■ **Source information**

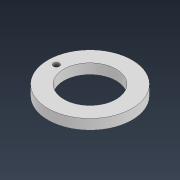
# Autodesk Inventor part: CH_02_0001_drilling_help
Saved by Autodesk Inventor 2022.3 (Build 263350030, 350C)
## iProperties
Created: 2022-08-31
Part Number: CH_02_0001_drilling_help
Material: Generic
Document SubType Name: Modeling
Designer: Tomasz Krakowski
Density: 1 g/cm^3
Appearance: Default
Author: Tomasz Krakowski
Autodesk Inventor part; units mm, degrees
ref_plane "YZ Plane" through (0, 0, 0) normal (1, 0, 0) x (0, 1, 0)
ref_plane "XZ Plane" through (0, 0, 0) normal (0, 1, 0) x (-1, 0, 0)
ref_plane "XY Plane" through (0, 0, 0) normal (0, 0, 1) x (1, 0, 0)
sketch "Sketch1" plane through (0, 0, 0) normal (0, 1, 0) x (-1, 0, 0)
  circle A0 centre (0, 0) radius 15.55
  circle A1 centre (0, 0) radius 25
  circle A2 centre (0, 0) radius 20 construction
  circle A3 centre (20, 0) radius 1.75
  line L0 (20, 0) -> (0, 0) construction
  dimension "d1" = 40
  dimension "d0" = 31.1
  dimension "d2" = 3.5
  dimension "d3" = 50
  constraints: 3 centre point, 3 coincident, 2 end point, 1 horizontal, 1 horizontal alignment, 2 other
  measures "d0" diameter of A0
  measures "d2" diameter of A3
  measures "d3" diameter of A1
extrude "Extrusion1" add sketch "Sketch1" along normal blind 6
body "Solid1"
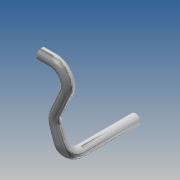
# Autodesk Inventor part: exhaust header right pipe 3
Saved by Autodesk Inventor 2013 (Build 170138000, 138)
## iProperties
Created: 2013-02-09
Part Number: exhaust header right pipe 3
Material: Steel
Document SubType Name: Modeling
Designer: zhaphod
Density: 1 g/cm^3
Author: zhaphod
Autodesk Inventor part; units mm, degrees
sketch "Sketch1" plane through (0, 0, 0) normal (1, 0, 0) x (0, 1, 0)
  line L0 (0, 0) -> (0, -200)
  line L1 (0, -200) -> (0, -332.225)
  line L2 (0, -332.225) -> (291.85, -332.225)
  line L3 (0, 0) -> (0, -144.4625) construction
  line L4 (0, -144.4625) -> (0, -52.775) construction
  line L5 (0, -52.775) -> (0, -97.225) construction
  line L6 (0, -97.225) -> (291.85, -97.225) construction
  dimension "d0" = 332.225
  dimension "d1" = 0
  dimension "d4" = 200
  dimension "d5" = 291.85
  dimension "d6" = 144.4625
  dimension "d7" = 97.225
  dimension "d8" = 52.775
  constraints: 14 end point, 3 vertical alignment, 2 perpendicular, 1 horizontal, 1 vertical
  measures "d0" distance from line of L2 L0.start
  measures "d1" horizontal distance of L0.end L0.start
  measures "d4" distance of L0.end L0.start
  measures "d5" horizontal distance of L0.start L2.end
  measures "d6" distance of L0.start L3.end
  measures "d7" distance from line of L6 L0.start
  measures "d8" distance of L4.end L0.start
ref_plane "Work Plane1" through (144.4625, 0, 0) normal (1, 0, 0) x (0, 1, 0)
ref_plane "Work Plane2" through (52.775, 0, 0) normal (1, 0, 0) x (0, 1, 0)
ref_plane "Work Plane3" through (97.225, 0, 0) normal (1, 0, 0) x (0, 1, 0)
sketch "Sketch2" plane through (144.4625, 0, 0) normal (1, 0, 0) x (0, 1, 0)
  point P0 (0, 0)
  point P1 (0, 0)
sketch "Sketch3" plane through (52.775, 0, 0) normal (1, 0, 0) x (0, 1, 0)
  point P0 (0, 0)
  point P1 (0, -200)
  point P2 (0, -332.225)
sketch "Sketch4" plane through (97.225, 0, 0) normal (1, 0, 0) x (0, 1, 0)
  point P0 (0, 0)
  point P1 (291.85, -332.225)
  point P2 (0, -332.225)
sketch "Sketch5" plane through (0, 0, 0) normal (1, 0, 0) x (0, 1, 0)
  circle A0 centre (0, 0) radius 20.6375
  circle A1 centre (0, 0) radius 19.0375
  dimension "d15" = 1.6
  dimension "d17" = 41.275
  constraints: 2 centre point, 2 coincident
  measures "d15" radial gap between concentric circles of A0 A1
  measures "d17" diameter of A0
sketch3d "3D Sketch1"
  line L0 (0, 0, 0) -> (47.9711, 0, 0)
  arc A0 (47.9711, 0, 0) -> (104.2514, 0, -87.7135) centre (47.9711, 0, -61.9125) ccw
  line L1 (104.2514, 0, -87.7135) -> (62.9928, 0, -177.7116)
  arc A1 (62.9928, 0, -177.7116) -> (60.5878, 0, -223.2408) centre (119.2731, 0, -203.5126) ccw
  line L2 (60.5878, 0, -223.2408) -> (77.4968, 0, -273.5398)
  arc A2 (77.4968, 0, -273.5398) -> (97.225, 61.9125, -332.225) centre (77.4968, 61.9125, -273.5398) ccw
  line L3 (97.225, 61.9125, -332.225) -> (97.225, 291.85, -332.225)
  dimension "d14" = 61.9125
  dimension "d12" = 61.9125
  dimension "d13" = 61.9125
  constraints: 4 vertical
sweep "Sweep1" add profiles "Sketch5" path "3D Sketch1"
equation "\"d14\" = d12"
equation "\"d13\" = d12"
equation "\"d9\" = d6"
equation "\"d10\" = d8"
equation "\"d11\" = d7"
body "Solid1"
Autodesk Inventor part; units mm, degrees
(part 2 of 2)
  spline S197 degree 3 poles (37.725433, 80.080162) (38.103851, 80.500583) (38.500866, 80.903886) (39.329714, 81.67384) (39.761133, 82.040107) (40.208257, 82.386568) knots 0 0 0 0 0.5 0.5 1 1 1 1
  spline S198 degree 3 poles (40.208257, 82.386568) (40.397457, 82.29423) (40.586338, 82.201241) (40.963456, 82.013963) (41.151692, 81.919675) (41.339601, 81.824739) knots 0 0 0 0 0.5 0.5 1 1 1 1
  spline S199 degree 3 poles (41.339601, 81.824739) (41.333785, 81.259123) (41.302697, 80.69405) (41.190168, 79.56837) (41.108781, 79.008326) (41.002517, 78.452752) knots 0 0 0 0 0.5 0.5 1 1 1 1
  spline S200 degree 3 poles (42.079584, 77.880352) (42.480588, 78.279289) (42.899217, 78.660108) (43.769222, 79.383234) (44.220162, 79.725179) (44.685693, 80.046483) knots 0 0 0 0 0.5 0.5 1 1 1 1
  spline S201 degree 3 poles (44.685693, 80.046483) (44.869518, 79.943863) (45.05299, 79.84061) (45.419219, 79.632841) (45.601975, 79.528327) (45.78437, 79.423183) knots 0 0 0 0 0.5 0.5 1 1 1 1
  spline S202 degree 3 poles (45.78437, 79.423183) (45.747403, 78.858747) (45.685235, 78.296245) (45.510864, 77.178473) (45.39875, 76.623762) (45.262042, 76.074886) knots 0 0 0 0 0.5 0.5 1 1 1 1
  spline S203 degree 3 poles (46.305941, 75.444022) (46.728313, 75.820263) (47.167285, 76.177443) (48.075803, 76.851543) (48.544896, 77.168128) (49.02742, 77.463299) knots 0 0 0 0 0.5 0.5 1 1 1 1
  spline S204 degree 3 poles (49.02742, 77.463299) (49.205313, 77.350708) (49.382818, 77.237505) (49.737046, 77.009877) (49.913767, 76.895453) (50.090092, 76.780422) knots 0 0 0 0 0.5 0.5 1 1 1 1
  spline S205 degree 3 poles (50.090092, 76.780422) (50.022088, 76.21888) (49.929027, 75.660656) (49.693346, 74.554187) (49.550844, 74.006495) (49.384107, 73.465983) knots 0 0 0 0 0.5 0.5 1 1 1 1
  spline S206 degree 3 poles (50.391669, 72.778571) (50.834125, 73.130973) (51.292107, 73.463428) (52.23638, 74.086457) (52.722201, 74.37672) (53.220252, 74.644861) knots 0 0 0 0 0.5 0.5 1 1 1 1
  spline S207 degree 3 poles (53.220252, 74.644861) (53.391673, 74.522642) (53.562673, 74.399832) (53.903822, 74.153036) (54.073972, 74.029051) (54.243693, 73.904481) knots 0 0 0 0 0.5 0.5 1 1 1 1
  spline S208 degree 3 poles (54.243693, 73.904481) (54.144858, 73.347538) (54.021187, 72.795288) (53.724911, 71.703483) (53.552454, 71.164472) (53.356195, 70.633966) knots 0 0 0 0 0.5 0.5 1 1 1 1
  spline S209 degree 3 poles (54.324358, 69.892093) (54.785556, 70.219586) (55.261156, 70.526308) (56.238317, 71.096373) (56.73939, 71.359432) (57.251456, 71.59973) knots 0 0 0 0 0.5 0.5 1 1 1 1
  spline S210 degree 3 poles (57.251456, 71.59973) (57.415884, 71.468253) (57.579859, 71.336209) (57.906895, 71.070995) (58.069956, 70.937825) (58.232557, 70.804095) knots 0 0 0 0 0.5 0.5 1 1 1 1
  spline S211 degree 3 poles (58.232557, 70.804095) (58.103191, 70.253442) (57.949286, 69.708844) (57.593315, 68.635017) (57.391427, 68.106325) (57.166241, 67.587436) knots 0 0 0 0 0.5 0.5 1 1 1 1
  spline S212 degree 3 poles (58.092066, 66.793356) (58.570604, 67.094946) (59.062379, 67.375002) (60.06946, 67.890371) (60.584264, 68.125428) (61.108789, 68.337152) knots 0 0 0 0 0.5 0.5 1 1 1 1
  spline S213 degree 3 poles (61.108789, 68.337152) (61.265725, 68.196817) (61.422177, 68.055941) (61.734106, 67.773114) (61.889584, 67.631164) (62.044571, 67.488679) knots 0 0 0 0 0.5 0.5 1 1 1 1
  spline S214 degree 3 poles (62.044571, 67.488679) (61.885067, 66.945988) (61.701395, 66.410695) (61.28681, 65.358109) (61.056104, 64.841342) (60.802675, 64.335645) knots 0 0 0 0 0.5 0.5 1 1 1 1
  spline S215 degree 3 poles (61.683351, 63.49177) (62.177776, 63.76654) (62.684232, 64.01908) (63.718174, 64.478189) (64.245145, 64.684529) (64.780537, 64.867037) knots 0 0 0 0 0.5 0.5 1 1 1 1
  spline S216 degree 3 poles (64.780537, 64.867037) (64.929504, 64.718269) (65.077957, 64.568989) (65.373833, 64.269408) (65.521255, 64.119108) (65.668157, 63.968302) knots 0 0 0 0 0.5 0.5 1 1 1 1
  spline S217 degree 3 poles (65.668157, 63.968302) (65.479001, 63.435222) (65.266119, 62.91086) (64.794178, 61.882711) (64.535355, 61.379437) (64.254454, 60.88847) knots 0 0 0 0 0.5 0.5 1 1 1 1
  spline S218 degree 3 poles (65.087305, 59.997361) (65.596116, 60.244477) (66.115715, 60.468734) (67.173378, 60.870188) (67.710915, 61.047185) (68.255549, 61.199923) knots 0 0 0 0 0.5 0.5 1 1 1 1
  spline S219 degree 3 poles (68.255549, 61.199923) (68.396094, 61.043175) (68.536098, 60.885943) (68.815022, 60.570518) (68.95394, 60.412325) (69.092312, 60.253656) knots 0 0 0 0 0.5 0.5 1 1 1 1
  spline S220 degree 3 poles (69.092312, 60.253656) (68.874076, 59.731805) (68.632632, 59.219967) (68.104769, 58.219377) (67.818615, 57.731125) (67.511094, 57.256377) knots 0 0 0 0 0.5 0.5 1 1 1 1
  spline S221 degree 3 poles (68.293591, 56.320742) (68.815243, 56.539453) (69.346406, 56.734746) (70.424579, 57.077327) (70.97105, 57.224444) (71.523271, 57.346946) knots 0 0 0 0 0.5 0.5 1 1 1 1
  spline S222 degree 3 poles (71.523271, 57.346946) (71.654967, 57.182694) (71.786098, 57.017989) (72.047222, 56.687677) (72.177214, 56.522072) (72.306635, 56.356021) knots 0 0 0 0 0.5 0.5 1 1 1 1
  spline S223 degree 3 poles (72.306635, 56.356021) (72.059983, 55.846985) (71.790709, 55.349224) (71.208529, 54.379233) (70.895912, 53.907486) (70.562705, 53.4504) knots 0 0 0 0 0.5 0.5 1 1 1 1
  spline S224 degree 3 poles (71.292472, 52.473079) (71.82538, 52.662721) (72.366495, 52.828457) (73.461903, 53.111124) (74.015648, 53.227913) (74.573779, 53.319809) knots 0 0 0 0 0.5 0.5 1 1 1 1
  spline S225 degree 3 poles (74.573779, 53.319809) (74.696227, 53.148551) (74.818085, 52.976872) (75.060616, 52.632678) (75.181289, 52.460163) (75.301366, 52.287234) knots 0 0 0 0 0.5 0.5 1 1 1 1
  spline S226 degree 3 poles (75.301366, 52.287234) (75.027047, 51.792559) (74.730761, 51.310388) (74.09603, 50.37394) (73.757901, 49.920131) (73.40002, 49.482095) knots 0 0 0 0 0.5 0.5 1 1 1 1
  spline S227 degree 3 poles (74.07484, 48.466057) (74.617385, 48.626055) (75.166809, 48.76173) (76.276125, 48.983624) (76.835463, 49.069731) (77.397809, 49.130742) knots 0 0 0 0 0.5 0.5 1 1 1 1
  spline S228 degree 3 poles (77.397809, 49.130742) (77.510637, 48.952998) (77.622852, 48.774867) (77.846054, 48.417835) (77.95704, 48.238934) (78.067408, 48.059654) knots 0 0 0 0 0.5 0.5 1 1 1 1
  spline S229 degree 3 poles (78.067408, 48.059654) (77.766255, 47.580841) (77.443858, 47.115724) (76.758504, 46.215664) (76.395889, 45.781171) (76.014421, 45.363514) knots 0 0 0 0 0.5 0.5 1 1 1 1
  spline S230 degree 3 poles (76.632245, 44.311845) (77.182781, 44.441712) (77.738844, 44.546915) (78.858699, 44.707362) (79.421931, 44.762526) (79.986784, 44.792465) knots 0 0 0 0 0.5 0.5 1 1 1 1
  spline S231 degree 3 poles (79.986784, 44.792465) (80.089649, 44.608777) (80.191881, 44.424734) (80.395076, 44.055948) (80.496038, 43.871206) (80.596363, 43.686117) knots 0 0 0 0 0.5 0.5 1 1 1 1
  spline S232 degree 3 poles (80.596363, 43.686117) (80.269291, 43.224621) (79.921761, 42.777971) (79.187865, 41.917032) (78.801865, 41.503174) (78.397969, 41.107166) knots 0 0 0 0 0.5 0.5 1 1 1 1
  spline S233 degree 3 poles (78.956921, 40.023059) (79.513774, 40.122402) (80.074789, 40.196812) (81.201782, 40.295325) (81.767198, 40.319378) (82.332842, 40.318156) knots 0 0 0 0 0.5 0.5 1 1 1 1
  spline S234 degree 3 poles (82.332842, 40.318156) (82.425432, 40.12908) (82.517371, 39.939685) (82.699941, 39.560265) (82.790573, 39.370242) (82.880549, 39.179907) knots 0 0 0 0 0.5 0.5 1 1 1 1
  spline S235 degree 3 poles (82.880549, 39.179907) (82.528551, 38.73713) (82.156943, 38.310302) (81.376735, 37.4911) (80.968523, 37.099134) (80.543424, 36.725977) knots 0 0 0 0 0.5 0.5 1 1 1 1
  spline S236 degree 3 poles (81.041807, 35.612725) (81.603287, 35.681241) (82.167549, 35.724633) (83.298257, 35.760913) (83.86414, 35.753782) (84.428858, 35.721402) knots 0 0 0 0 0.5 0.5 1 1 1 1
  spline S237 degree 3 poles (84.428858, 35.721402) (84.510891, 35.527512) (84.592257, 35.33334) (84.753649, 34.944439) (84.833675, 34.749711) (84.91303, 34.554709) knots 0 0 0 0 0.5 0.5 1 1 1 1
  spline S238 degree 3 poles (84.91303, 34.554709) (84.537174, 34.131995) (84.142618, 33.726287) (83.318466, 32.951308) (82.889281, 32.582425) (82.444272, 32.233253) knots 0 0 0 0 0.5 0.5 1 1 1 1
  arc A106 (84.46763, 26.481315) -> (84.09474, 27.642637) centre (0, 0) ccw
  spline S239 degree 3 poles (84.46763, 26.481315) (85.03324, 26.487647) (85.598851, 26.468703) (86.726688, 26.380376) (87.288351, 26.311036) (87.846079, 26.216729) knots 0 0 0 0 0.5 0.5 1 1 1 1
  spline S240 degree 3 poles (87.846079, 26.216729) (87.906286, 26.014991) (87.965797, 25.813047) (88.083427, 25.408752) (88.141546, 25.206402) (88.198967, 25.003854) knots 0 0 0 0 0.5 0.5 1 1 1 1
  spline S241 degree 3 poles (88.198967, 25.003854) (87.778891, 24.625053) (87.342098, 24.265211) (86.437694, 23.5856) (85.970534, 23.26617) (85.489814, 22.968071) knots 0 0 0 0 0.5 0.5 1 1 1 1
  arc A107 (85.798164, 21.787971) -> (85.489814, 22.968071) centre (0, 0) ccw
  spline S242 degree 3 poles (85.798164, 21.787971) (86.363264, 21.763135) (86.926972, 21.713062) (88.04823, 21.562739) (88.605222, 21.462564) (89.156908, 21.337675) knots 0 0 0 0 0.5 0.5 1 1 1 1
  spline S243 degree 3 poles (89.156908, 21.337675) (89.205909, 21.132927) (89.254206, 20.928011) (89.349385, 20.51785) (89.396269, 20.312606) (89.442445, 20.107203) knots 0 0 0 0 0.5 0.5 1 1 1 1
  spline S244 degree 3 poles (89.442445, 20.107203) (89.002139, 19.752118) (88.546187, 19.416884) (87.605718, 18.788126) (87.121671, 18.494916) (86.625259, 18.223752) knots 0 0 0 0 0.5 0.5 1 1 1 1
  arc A108 (86.868131, 17.028457) -> (86.625259, 18.223752) centre (0, 0) ccw
  spline S245 degree 3 poles (86.868131, 17.028457) (87.431005, 16.97253) (87.991099, 16.891479) (89.102374, 16.679616) (89.653001, 16.54891) (90.196969, 16.39382) knots 0 0 0 0 0.5 0.5 1 1 1 1
  spline S246 degree 3 poles (90.196969, 16.39382) (90.234617, 16.186684) (90.271552, 15.979418) (90.343992, 15.564637) (90.379498, 15.357122) (90.414289, 15.149487) knots 0 0 0 0 0.5 0.5 1 1 1 1
  spline S247 degree 3 poles (90.414289, 15.149487) (89.955091, 14.819196) (89.481364, 14.509589) (88.507686, 13.933594) (88.008221, 13.667494) (87.497626, 13.424088) knots 0 0 0 0 0.5 0.5 1 1 1 1
  arc A109 (87.674283, 12.217229) -> (87.497626, 13.424088) centre (0, 0) ccw
  spline S248 degree 3 poles (87.674283, 12.217229) (88.233221, 12.130379) (88.787999, 12.018597) (89.885916, 11.745838) (90.428506, 11.584998) (90.963105, 11.400177) knots 0 0 0 0 0.5 0.5 1 1 1 1
  spline S249 degree 3 poles (90.963105, 11.400177) (90.989286, 11.191281) (91.014746, 10.982296) (91.064227, 10.564154) (91.088248, 10.354998) (91.111547, 10.145762) knots 0 0 0 0 0.5 0.5 1 1 1 1
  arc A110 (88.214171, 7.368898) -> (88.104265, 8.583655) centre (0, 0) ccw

■ **What is being asked**
In the listing above, find the line holding "spline S212 degree" and the line holding "spline S217 degree", then output those two lines and every line between them exactly.

■ **Exercise solution**
  spline S212 degree 3 poles (58.092066, 66.793356) (58.570604, 67.094946) (59.062379, 67.375002) (60.06946, 67.890371) (60.584264, 68.125428) (61.108789, 68.337152) knots 0 0 0 0 0.5 0.5 1 1 1 1
  spline S213 degree 3 poles (61.108789, 68.337152) (61.265725, 68.196817) (61.422177, 68.055941) (61.734106, 67.773114) (61.889584, 67.631164) (62.044571, 67.488679) knots 0 0 0 0 0.5 0.5 1 1 1 1
  spline S214 degree 3 poles (62.044571, 67.488679) (61.885067, 66.945988) (61.701395, 66.410695) (61.28681, 65.358109) (61.056104, 64.841342) (60.802675, 64.335645) knots 0 0 0 0 0.5 0.5 1 1 1 1
  spline S215 degree 3 poles (61.683351, 63.49177) (62.177776, 63.76654) (62.684232, 64.01908) (63.718174, 64.478189) (64.245145, 64.684529) (64.780537, 64.867037) knots 0 0 0 0 0.5 0.5 1 1 1 1
  spline S216 degree 3 poles (64.780537, 64.867037) (64.929504, 64.718269) (65.077957, 64.568989) (65.373833, 64.269408) (65.521255, 64.119108) (65.668157, 63.968302) knots 0 0 0 0 0.5 0.5 1 1 1 1
  spline S217 degree 3 poles (65.668157, 63.968302) (65.479001, 63.435222) (65.266119, 62.91086) (64.794178, 61.882711) (64.535355, 61.379437) (64.254454, 60.88847) knots 0 0 0 0 0.5 0.5 1 1 1 1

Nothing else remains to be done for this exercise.